WORK ITEM => Nothing but the lines from the start of the entries through the line holding "#6=PRODUCT_DEFINITION_FORMATION('','',#4);" is to be repeated, exactly and with pictures excluded.

EXERCISE INPUTS =>
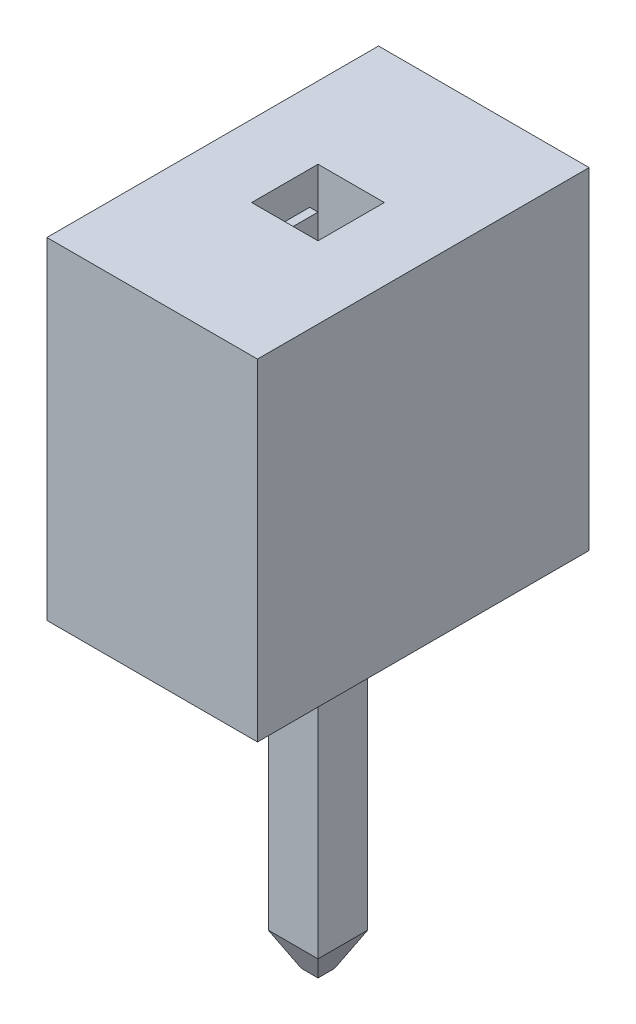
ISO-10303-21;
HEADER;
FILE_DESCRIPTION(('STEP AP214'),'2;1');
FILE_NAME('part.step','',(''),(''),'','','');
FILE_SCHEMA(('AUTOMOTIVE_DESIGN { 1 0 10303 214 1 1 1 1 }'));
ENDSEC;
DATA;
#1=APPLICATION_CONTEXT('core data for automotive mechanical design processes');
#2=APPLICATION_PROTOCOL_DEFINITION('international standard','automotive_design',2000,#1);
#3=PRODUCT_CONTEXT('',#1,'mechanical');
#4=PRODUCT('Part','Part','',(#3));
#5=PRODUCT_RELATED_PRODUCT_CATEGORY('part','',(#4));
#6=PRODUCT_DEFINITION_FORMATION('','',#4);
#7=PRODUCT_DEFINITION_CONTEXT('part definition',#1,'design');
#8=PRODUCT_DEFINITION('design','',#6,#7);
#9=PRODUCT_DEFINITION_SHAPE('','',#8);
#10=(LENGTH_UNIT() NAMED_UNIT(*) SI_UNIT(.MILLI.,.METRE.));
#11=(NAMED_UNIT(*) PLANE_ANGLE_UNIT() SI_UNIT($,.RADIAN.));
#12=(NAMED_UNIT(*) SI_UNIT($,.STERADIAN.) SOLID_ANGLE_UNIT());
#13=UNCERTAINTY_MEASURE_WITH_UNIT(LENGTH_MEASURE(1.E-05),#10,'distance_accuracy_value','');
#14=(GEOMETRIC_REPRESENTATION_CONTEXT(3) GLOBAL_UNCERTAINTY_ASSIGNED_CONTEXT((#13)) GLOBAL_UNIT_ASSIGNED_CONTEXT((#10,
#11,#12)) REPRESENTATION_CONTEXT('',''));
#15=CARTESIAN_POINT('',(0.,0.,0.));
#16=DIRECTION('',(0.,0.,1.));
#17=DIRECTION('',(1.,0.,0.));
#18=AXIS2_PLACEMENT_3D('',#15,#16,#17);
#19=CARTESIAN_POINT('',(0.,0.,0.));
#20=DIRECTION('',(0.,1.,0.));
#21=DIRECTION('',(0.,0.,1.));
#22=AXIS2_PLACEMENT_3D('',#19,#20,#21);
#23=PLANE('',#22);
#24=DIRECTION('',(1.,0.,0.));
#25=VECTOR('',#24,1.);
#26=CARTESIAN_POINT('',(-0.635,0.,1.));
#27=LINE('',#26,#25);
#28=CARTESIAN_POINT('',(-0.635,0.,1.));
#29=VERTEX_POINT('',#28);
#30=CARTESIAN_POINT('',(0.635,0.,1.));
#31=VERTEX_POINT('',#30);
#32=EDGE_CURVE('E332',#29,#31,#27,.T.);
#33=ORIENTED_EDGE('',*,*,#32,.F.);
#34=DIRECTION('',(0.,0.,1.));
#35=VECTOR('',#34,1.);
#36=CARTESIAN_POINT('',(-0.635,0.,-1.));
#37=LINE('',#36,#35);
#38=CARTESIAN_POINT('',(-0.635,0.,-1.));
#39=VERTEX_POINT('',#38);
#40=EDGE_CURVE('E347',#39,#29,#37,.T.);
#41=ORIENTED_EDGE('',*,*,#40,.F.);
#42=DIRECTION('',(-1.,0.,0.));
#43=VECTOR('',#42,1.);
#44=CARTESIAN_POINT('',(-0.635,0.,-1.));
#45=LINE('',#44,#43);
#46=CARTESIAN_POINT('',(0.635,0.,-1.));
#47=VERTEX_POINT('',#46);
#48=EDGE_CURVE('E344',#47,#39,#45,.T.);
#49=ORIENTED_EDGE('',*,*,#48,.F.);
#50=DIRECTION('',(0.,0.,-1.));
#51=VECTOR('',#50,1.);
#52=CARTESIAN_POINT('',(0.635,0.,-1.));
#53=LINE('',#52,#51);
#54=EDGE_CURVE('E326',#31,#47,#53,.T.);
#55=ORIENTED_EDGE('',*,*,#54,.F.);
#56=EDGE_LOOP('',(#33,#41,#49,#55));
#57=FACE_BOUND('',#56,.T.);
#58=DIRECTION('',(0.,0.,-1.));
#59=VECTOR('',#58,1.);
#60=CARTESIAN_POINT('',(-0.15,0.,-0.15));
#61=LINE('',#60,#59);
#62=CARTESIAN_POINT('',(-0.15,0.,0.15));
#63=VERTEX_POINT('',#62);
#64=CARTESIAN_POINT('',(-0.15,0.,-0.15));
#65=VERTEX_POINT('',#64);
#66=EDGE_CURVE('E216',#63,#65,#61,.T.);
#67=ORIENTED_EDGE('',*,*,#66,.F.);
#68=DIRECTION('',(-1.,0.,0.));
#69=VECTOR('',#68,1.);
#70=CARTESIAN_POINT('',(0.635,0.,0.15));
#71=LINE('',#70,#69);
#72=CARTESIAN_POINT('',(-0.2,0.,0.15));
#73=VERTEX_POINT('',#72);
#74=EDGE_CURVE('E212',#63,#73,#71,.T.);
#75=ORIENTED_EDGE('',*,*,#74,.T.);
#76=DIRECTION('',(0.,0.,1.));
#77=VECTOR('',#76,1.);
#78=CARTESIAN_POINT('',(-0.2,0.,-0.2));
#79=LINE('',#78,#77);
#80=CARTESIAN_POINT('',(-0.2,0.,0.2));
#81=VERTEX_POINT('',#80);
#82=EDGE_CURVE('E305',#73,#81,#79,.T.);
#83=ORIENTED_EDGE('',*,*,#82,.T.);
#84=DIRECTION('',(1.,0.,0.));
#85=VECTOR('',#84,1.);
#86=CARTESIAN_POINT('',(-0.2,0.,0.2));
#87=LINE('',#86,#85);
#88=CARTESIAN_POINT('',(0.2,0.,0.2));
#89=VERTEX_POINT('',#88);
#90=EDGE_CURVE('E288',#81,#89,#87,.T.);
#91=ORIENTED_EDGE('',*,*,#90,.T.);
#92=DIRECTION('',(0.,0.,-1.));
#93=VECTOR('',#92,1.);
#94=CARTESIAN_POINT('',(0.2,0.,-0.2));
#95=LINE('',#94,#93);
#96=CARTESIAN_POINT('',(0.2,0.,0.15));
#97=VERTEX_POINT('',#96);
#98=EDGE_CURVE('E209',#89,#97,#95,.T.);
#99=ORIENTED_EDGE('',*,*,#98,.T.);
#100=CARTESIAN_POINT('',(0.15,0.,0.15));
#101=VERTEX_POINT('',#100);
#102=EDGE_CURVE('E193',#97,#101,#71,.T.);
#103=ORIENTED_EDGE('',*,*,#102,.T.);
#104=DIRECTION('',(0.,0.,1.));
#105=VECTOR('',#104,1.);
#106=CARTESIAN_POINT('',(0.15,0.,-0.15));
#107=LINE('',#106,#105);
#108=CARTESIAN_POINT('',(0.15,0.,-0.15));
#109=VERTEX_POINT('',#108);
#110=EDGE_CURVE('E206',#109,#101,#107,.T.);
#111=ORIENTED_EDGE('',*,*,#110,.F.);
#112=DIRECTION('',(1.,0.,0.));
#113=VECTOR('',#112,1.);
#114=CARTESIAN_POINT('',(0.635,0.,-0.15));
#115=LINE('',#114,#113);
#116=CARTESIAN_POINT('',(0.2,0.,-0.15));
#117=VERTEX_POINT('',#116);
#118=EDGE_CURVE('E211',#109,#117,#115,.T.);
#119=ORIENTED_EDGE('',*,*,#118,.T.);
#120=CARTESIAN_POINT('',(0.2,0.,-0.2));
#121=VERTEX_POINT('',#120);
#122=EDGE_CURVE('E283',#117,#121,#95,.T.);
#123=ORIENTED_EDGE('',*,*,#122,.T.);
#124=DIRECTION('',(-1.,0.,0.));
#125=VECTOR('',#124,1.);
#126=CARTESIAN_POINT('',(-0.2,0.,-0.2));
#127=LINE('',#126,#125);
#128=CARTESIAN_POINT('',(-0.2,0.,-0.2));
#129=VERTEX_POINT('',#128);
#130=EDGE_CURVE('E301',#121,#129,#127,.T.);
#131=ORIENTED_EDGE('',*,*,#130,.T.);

ANSWER TO THE PROBLEM =>
ISO-10303-21;
HEADER;
FILE_DESCRIPTION(('STEP AP214'),'2;1');
FILE_NAME('part.step','',(''),(''),'','','');
FILE_SCHEMA(('AUTOMOTIVE_DESIGN { 1 0 10303 214 1 1 1 1 }'));
ENDSEC;
DATA;
#1=APPLICATION_CONTEXT('core data for automotive mechanical design processes');
#2=APPLICATION_PROTOCOL_DEFINITION('international standard','automotive_design',2000,#1);
#3=PRODUCT_CONTEXT('',#1,'mechanical');
#4=PRODUCT('Part','Part','',(#3));
#5=PRODUCT_RELATED_PRODUCT_CATEGORY('part','',(#4));
#6=PRODUCT_DEFINITION_FORMATION('','',#4);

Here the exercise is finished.